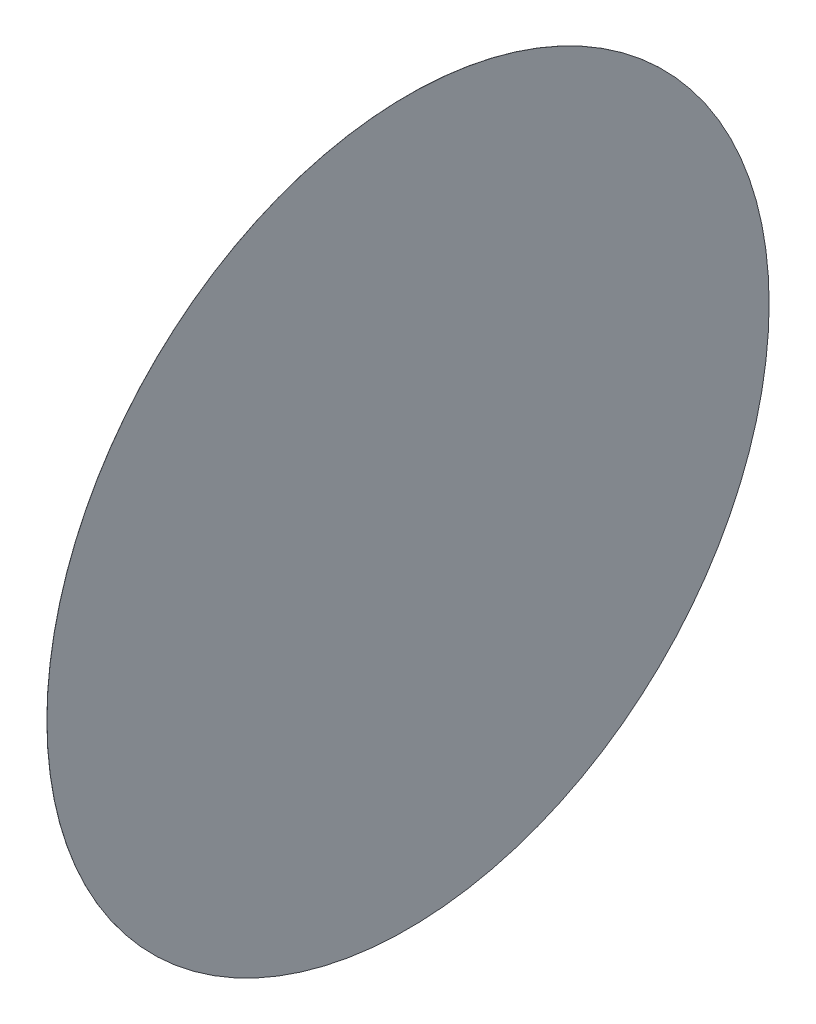
ISO-10303-21;
HEADER;
FILE_DESCRIPTION(('STEP AP214'),'2;1');
FILE_NAME('part.step','',(''),(''),'','','');
FILE_SCHEMA(('AUTOMOTIVE_DESIGN { 1 0 10303 214 1 1 1 1 }'));
ENDSEC;
DATA;
#1=APPLICATION_CONTEXT('core data for automotive mechanical design processes');
#2=APPLICATION_PROTOCOL_DEFINITION('international standard','automotive_design',2000,#1);
#3=PRODUCT_CONTEXT('',#1,'mechanical');
#4=PRODUCT('Part','Part','',(#3));
#5=PRODUCT_RELATED_PRODUCT_CATEGORY('part','',(#4));
#6=PRODUCT_DEFINITION_FORMATION('','',#4);
#7=PRODUCT_DEFINITION_CONTEXT('part definition',#1,'design');
#8=PRODUCT_DEFINITION('design','',#6,#7);
#9=PRODUCT_DEFINITION_SHAPE('','',#8);
#10=(LENGTH_UNIT() NAMED_UNIT(*) SI_UNIT(.MILLI.,.METRE.));
#11=(NAMED_UNIT(*) PLANE_ANGLE_UNIT() SI_UNIT($,.RADIAN.));
#12=(NAMED_UNIT(*) SI_UNIT($,.STERADIAN.) SOLID_ANGLE_UNIT());
#13=UNCERTAINTY_MEASURE_WITH_UNIT(LENGTH_MEASURE(1.E-05),#10,'distance_accuracy_value','');
#14=(GEOMETRIC_REPRESENTATION_CONTEXT(3) GLOBAL_UNCERTAINTY_ASSIGNED_CONTEXT((#13)) GLOBAL_UNIT_ASSIGNED_CONTEXT((#10,
#11,#12)) REPRESENTATION_CONTEXT('',''));
#15=CARTESIAN_POINT('',(0.,0.,0.));
#16=DIRECTION('',(0.,0.,1.));
#17=DIRECTION('',(1.,0.,0.));
#18=AXIS2_PLACEMENT_3D('',#15,#16,#17);
#19=CARTESIAN_POINT('',(0.001,0.,0.));
#20=DIRECTION('',(-1.,0.,0.));
#21=DIRECTION('',(0.,0.,1.));
#22=AXIS2_PLACEMENT_3D('',#19,#20,#21);
#23=CYLINDRICAL_SURFACE('',#22,4.);
#24=CARTESIAN_POINT('',(0.001,0.,0.));
#25=DIRECTION('',(1.,0.,0.));
#26=DIRECTION('',(0.,0.,-1.));
#27=AXIS2_PLACEMENT_3D('',#24,#25,#26);
#28=CIRCLE('',#27,4.);
#29=CARTESIAN_POINT('',(0.001,0.,-4.));
#30=VERTEX_POINT('',#29);
#31=EDGE_CURVE('E10',#30,#30,#28,.T.);
#32=ORIENTED_EDGE('',*,*,#31,.F.);
#33=EDGE_LOOP('',(#32));
#34=FACE_BOUND('',#33,.T.);
#35=CARTESIAN_POINT('',(0.,0.,0.));
#36=DIRECTION('',(1.,0.,0.));
#37=DIRECTION('',(0.,0.,-1.));
#38=AXIS2_PLACEMENT_3D('',#35,#36,#37);
#39=CIRCLE('',#38,4.);
#40=CARTESIAN_POINT('',(0.,0.,-4.));
#41=VERTEX_POINT('',#40);
#42=EDGE_CURVE('E40',#41,#41,#39,.T.);
#43=ORIENTED_EDGE('',*,*,#42,.T.);
#44=EDGE_LOOP('',(#43));
#45=FACE_BOUND('',#44,.T.);
#46=ADVANCED_FACE('F37',(#34,#45),#23,.T.);
#47=CARTESIAN_POINT('',(0.001,0.,0.));
#48=DIRECTION('',(1.,0.,0.));
#49=DIRECTION('',(0.,0.,-1.));
#50=AXIS2_PLACEMENT_3D('',#47,#48,#49);
#51=PLANE('',#50);
#52=ORIENTED_EDGE('',*,*,#31,.T.);
#53=EDGE_LOOP('',(#52));
#54=FACE_BOUND('',#53,.T.);
#55=ADVANCED_FACE('F54',(#54),#51,.T.);
#56=CARTESIAN_POINT('',(0.,0.,0.));
#57=DIRECTION('',(1.,0.,0.));
#58=DIRECTION('',(0.,0.,-1.));
#59=AXIS2_PLACEMENT_3D('',#56,#57,#58);
#60=PLANE('',#59);
#61=ORIENTED_EDGE('',*,*,#42,.F.);
#62=EDGE_LOOP('',(#61));
#63=FACE_BOUND('',#62,.T.);
#64=ADVANCED_FACE('F52',(#63),#60,.F.);
#65=CLOSED_SHELL('',(#46,#55,#64));
#66=MANIFOLD_SOLID_BREP('B2',#65);
#67=ADVANCED_BREP_SHAPE_REPRESENTATION('',(#18,#66),#14);
#68=SHAPE_DEFINITION_REPRESENTATION(#9,#67);
ENDSEC;
END-ISO-10303-21;
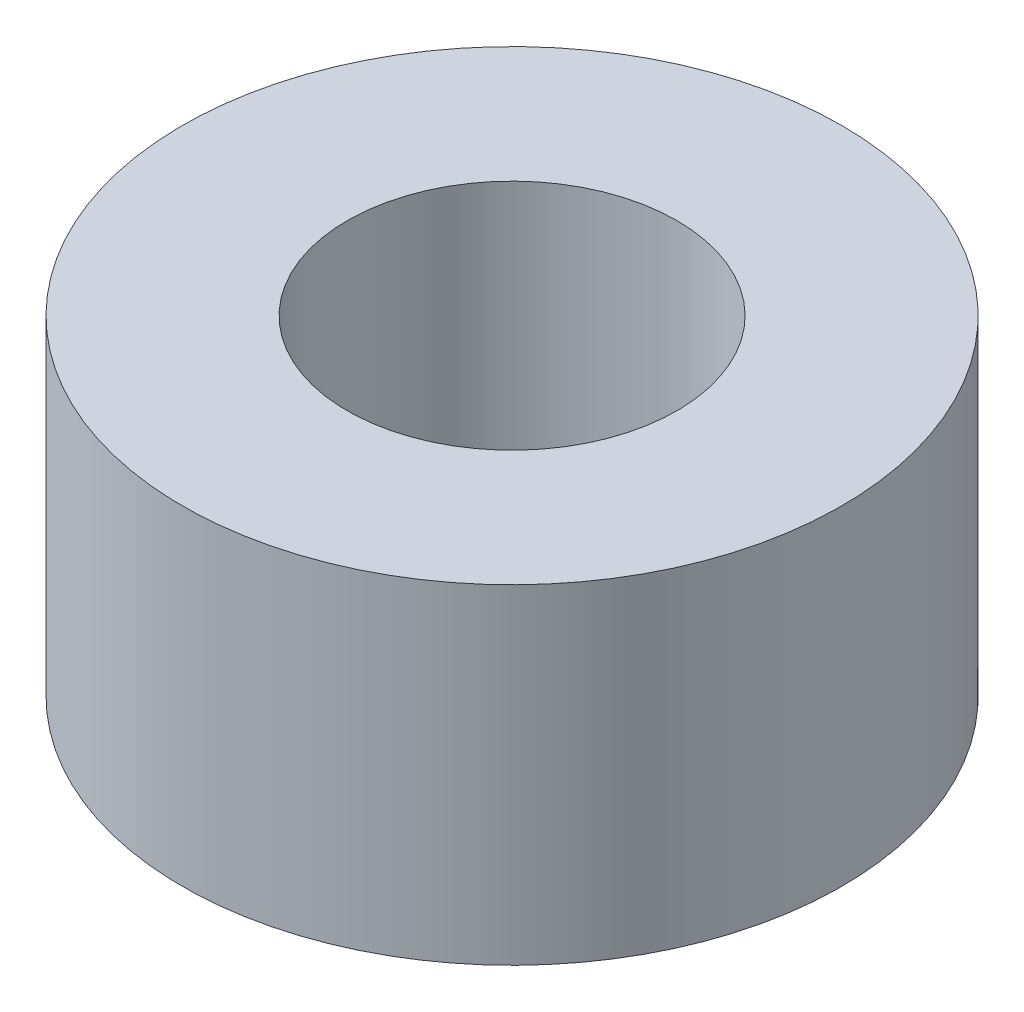
ISO-10303-21;
HEADER;
FILE_DESCRIPTION(('STEP AP214'),'2;1');
FILE_NAME('part.step','',(''),(''),'','','');
FILE_SCHEMA(('AUTOMOTIVE_DESIGN { 1 0 10303 214 1 1 1 1 }'));
ENDSEC;
DATA;
#1=APPLICATION_CONTEXT('core data for automotive mechanical design processes');
#2=APPLICATION_PROTOCOL_DEFINITION('international standard','automotive_design',2000,#1);
#3=PRODUCT_CONTEXT('',#1,'mechanical');
#4=PRODUCT('Part','Part','',(#3));
#5=PRODUCT_RELATED_PRODUCT_CATEGORY('part','',(#4));
#6=PRODUCT_DEFINITION_FORMATION('','',#4);
#7=PRODUCT_DEFINITION_CONTEXT('part definition',#1,'design');
#8=PRODUCT_DEFINITION('design','',#6,#7);
#9=PRODUCT_DEFINITION_SHAPE('','',#8);
#10=(LENGTH_UNIT() NAMED_UNIT(*) SI_UNIT(.MILLI.,.METRE.));
#11=(NAMED_UNIT(*) PLANE_ANGLE_UNIT() SI_UNIT($,.RADIAN.));
#12=(NAMED_UNIT(*) SI_UNIT($,.STERADIAN.) SOLID_ANGLE_UNIT());
#13=UNCERTAINTY_MEASURE_WITH_UNIT(LENGTH_MEASURE(1.E-05),#10,'distance_accuracy_value','');
#14=(GEOMETRIC_REPRESENTATION_CONTEXT(3) GLOBAL_UNCERTAINTY_ASSIGNED_CONTEXT((#13)) GLOBAL_UNIT_ASSIGNED_CONTEXT((#10,
#11,#12)) REPRESENTATION_CONTEXT('',''));
#15=CARTESIAN_POINT('',(0.,0.,0.));
#16=DIRECTION('',(0.,0.,1.));
#17=DIRECTION('',(1.,0.,0.));
#18=AXIS2_PLACEMENT_3D('',#15,#16,#17);
#19=CARTESIAN_POINT('',(0.,0.,0.));
#20=DIRECTION('',(0.,-1.,0.));
#21=DIRECTION('',(0.,0.,-1.));
#22=AXIS2_PLACEMENT_3D('',#19,#20,#21);
#23=CYLINDRICAL_SURFACE('',#22,2.);
#24=CARTESIAN_POINT('',(0.,0.,0.));
#25=DIRECTION('',(0.,-1.,0.));
#26=DIRECTION('',(0.,0.,-1.));
#27=AXIS2_PLACEMENT_3D('',#24,#25,#26);
#28=CIRCLE('',#27,2.);
#29=CARTESIAN_POINT('',(0.,0.,-2.));
#30=VERTEX_POINT('',#29);
#31=EDGE_CURVE('E26',#30,#30,#28,.T.);
#32=ORIENTED_EDGE('',*,*,#31,.F.);
#33=EDGE_LOOP('',(#32));
#34=FACE_BOUND('',#33,.T.);
#35=CARTESIAN_POINT('',(0.,2.,0.));
#36=DIRECTION('',(0.,-1.,0.));
#37=DIRECTION('',(0.,0.,-1.));
#38=AXIS2_PLACEMENT_3D('',#35,#36,#37);
#39=CIRCLE('',#38,2.);
#40=CARTESIAN_POINT('',(0.,2.,-2.));
#41=VERTEX_POINT('',#40);
#42=EDGE_CURVE('E17',#41,#41,#39,.F.);
#43=ORIENTED_EDGE('',*,*,#42,.F.);
#44=EDGE_LOOP('',(#43));
#45=FACE_BOUND('',#44,.T.);
#46=ADVANCED_FACE('F14',(#34,#45),#23,.T.);
#47=CARTESIAN_POINT('',(0.,2.,0.));
#48=DIRECTION('',(0.,1.,0.));
#49=DIRECTION('',(0.,0.,1.));
#50=AXIS2_PLACEMENT_3D('',#47,#48,#49);
#51=PLANE('',#50);
#52=CARTESIAN_POINT('',(0.,2.,0.));
#53=DIRECTION('',(0.,-1.,0.));
#54=DIRECTION('',(0.,0.,-1.));
#55=AXIS2_PLACEMENT_3D('',#52,#53,#54);
#56=CIRCLE('',#55,1.);
#57=CARTESIAN_POINT('',(0.,2.,-1.));
#58=VERTEX_POINT('',#57);
#59=EDGE_CURVE('E21',#58,#58,#56,.F.);
#60=ORIENTED_EDGE('',*,*,#59,.F.);
#61=EDGE_LOOP('',(#60));
#62=FACE_BOUND('',#61,.T.);
#63=ORIENTED_EDGE('',*,*,#42,.T.);
#64=EDGE_LOOP('',(#63));
#65=FACE_BOUND('',#64,.T.);
#66=ADVANCED_FACE('F34',(#62,#65),#51,.T.);
#67=CARTESIAN_POINT('',(0.,0.,0.));
#68=DIRECTION('',(0.,1.,0.));
#69=DIRECTION('',(0.,0.,1.));
#70=AXIS2_PLACEMENT_3D('',#67,#68,#69);
#71=PLANE('',#70);
#72=CARTESIAN_POINT('',(0.,0.,0.));
#73=DIRECTION('',(0.,-1.,0.));
#74=DIRECTION('',(0.,0.,-1.));
#75=AXIS2_PLACEMENT_3D('',#72,#73,#74);
#76=CIRCLE('',#75,1.);
#77=CARTESIAN_POINT('',(0.,0.,-1.));
#78=VERTEX_POINT('',#77);
#79=EDGE_CURVE('E10',#78,#78,#76,.T.);
#80=ORIENTED_EDGE('',*,*,#79,.F.);
#81=EDGE_LOOP('',(#80));
#82=FACE_BOUND('',#81,.T.);
#83=ORIENTED_EDGE('',*,*,#31,.T.);
#84=EDGE_LOOP('',(#83));
#85=FACE_BOUND('',#84,.T.);
#86=ADVANCED_FACE('F42',(#82,#85),#71,.F.);
#87=CARTESIAN_POINT('',(0.,2.,0.));
#88=DIRECTION('',(0.,-1.,0.));
#89=DIRECTION('',(0.,0.,-1.));
#90=AXIS2_PLACEMENT_3D('',#87,#88,#89);
#91=CYLINDRICAL_SURFACE('',#90,1.);
#92=ORIENTED_EDGE('',*,*,#79,.T.);
#93=EDGE_LOOP('',(#92));
#94=FACE_BOUND('',#93,.T.);
#95=ORIENTED_EDGE('',*,*,#59,.T.);
#96=EDGE_LOOP('',(#95));
#97=FACE_BOUND('',#96,.T.);
#98=ADVANCED_FACE('F44',(#94,#97),#91,.F.);
#99=CLOSED_SHELL('',(#46,#66,#86,#98));
#100=MANIFOLD_SOLID_BREP('B1',#99);
#101=ADVANCED_BREP_SHAPE_REPRESENTATION('',(#18,#100),#14);
#102=SHAPE_DEFINITION_REPRESENTATION(#9,#101);
ENDSEC;
END-ISO-10303-21;

§ §

### ACTIVITY:
Give again, exactly and with nothing added, the lines running from the one that contains "#66=ADVANCED_FACE('F34',(#62,#65),#51,.T.);" to the last line of the material.

### REPLY:
#66=ADVANCED_FACE('F34',(#62,#65),#51,.T.);
#67=CARTESIAN_POINT('',(0.,0.,0.));
#68=DIRECTION('',(0.,1.,0.));
#69=DIRECTION('',(0.,0.,1.));
#70=AXIS2_PLACEMENT_3D('',#67,#68,#69);
#71=PLANE('',#70);
#72=CARTESIAN_POINT('',(0.,0.,0.));
#73=DIRECTION('',(0.,-1.,0.));
#74=DIRECTION('',(0.,0.,-1.));
#75=AXIS2_PLACEMENT_3D('',#72,#73,#74);
#76=CIRCLE('',#75,1.);
#77=CARTESIAN_POINT('',(0.,0.,-1.));
#78=VERTEX_POINT('',#77);
#79=EDGE_CURVE('E10',#78,#78,#76,.T.);
#80=ORIENTED_EDGE('',*,*,#79,.F.);
#81=EDGE_LOOP('',(#80));
#82=FACE_BOUND('',#81,.T.);
#83=ORIENTED_EDGE('',*,*,#31,.T.);
#84=EDGE_LOOP('',(#83));
#85=FACE_BOUND('',#84,.T.);
#86=ADVANCED_FACE('F42',(#82,#85),#71,.F.);
#87=CARTESIAN_POINT('',(0.,2.,0.));
#88=DIRECTION('',(0.,-1.,0.));
#89=DIRECTION('',(0.,0.,-1.));
#90=AXIS2_PLACEMENT_3D('',#87,#88,#89);
#91=CYLINDRICAL_SURFACE('',#90,1.);
#92=ORIENTED_EDGE('',*,*,#79,.T.);
#93=EDGE_LOOP('',(#92));
#94=FACE_BOUND('',#93,.T.);
#95=ORIENTED_EDGE('',*,*,#59,.T.);
#96=EDGE_LOOP('',(#95));
#97=FACE_BOUND('',#96,.T.);
#98=ADVANCED_FACE('F44',(#94,#97),#91,.F.);
#99=CLOSED_SHELL('',(#46,#66,#86,#98));
#100=MANIFOLD_SOLID_BREP('B1',#99);
#101=ADVANCED_BREP_SHAPE_REPRESENTATION('',(#18,#100),#14);
#102=SHAPE_DEFINITION_REPRESENTATION(#9,#101);
ENDSEC;
END-ISO-10303-21;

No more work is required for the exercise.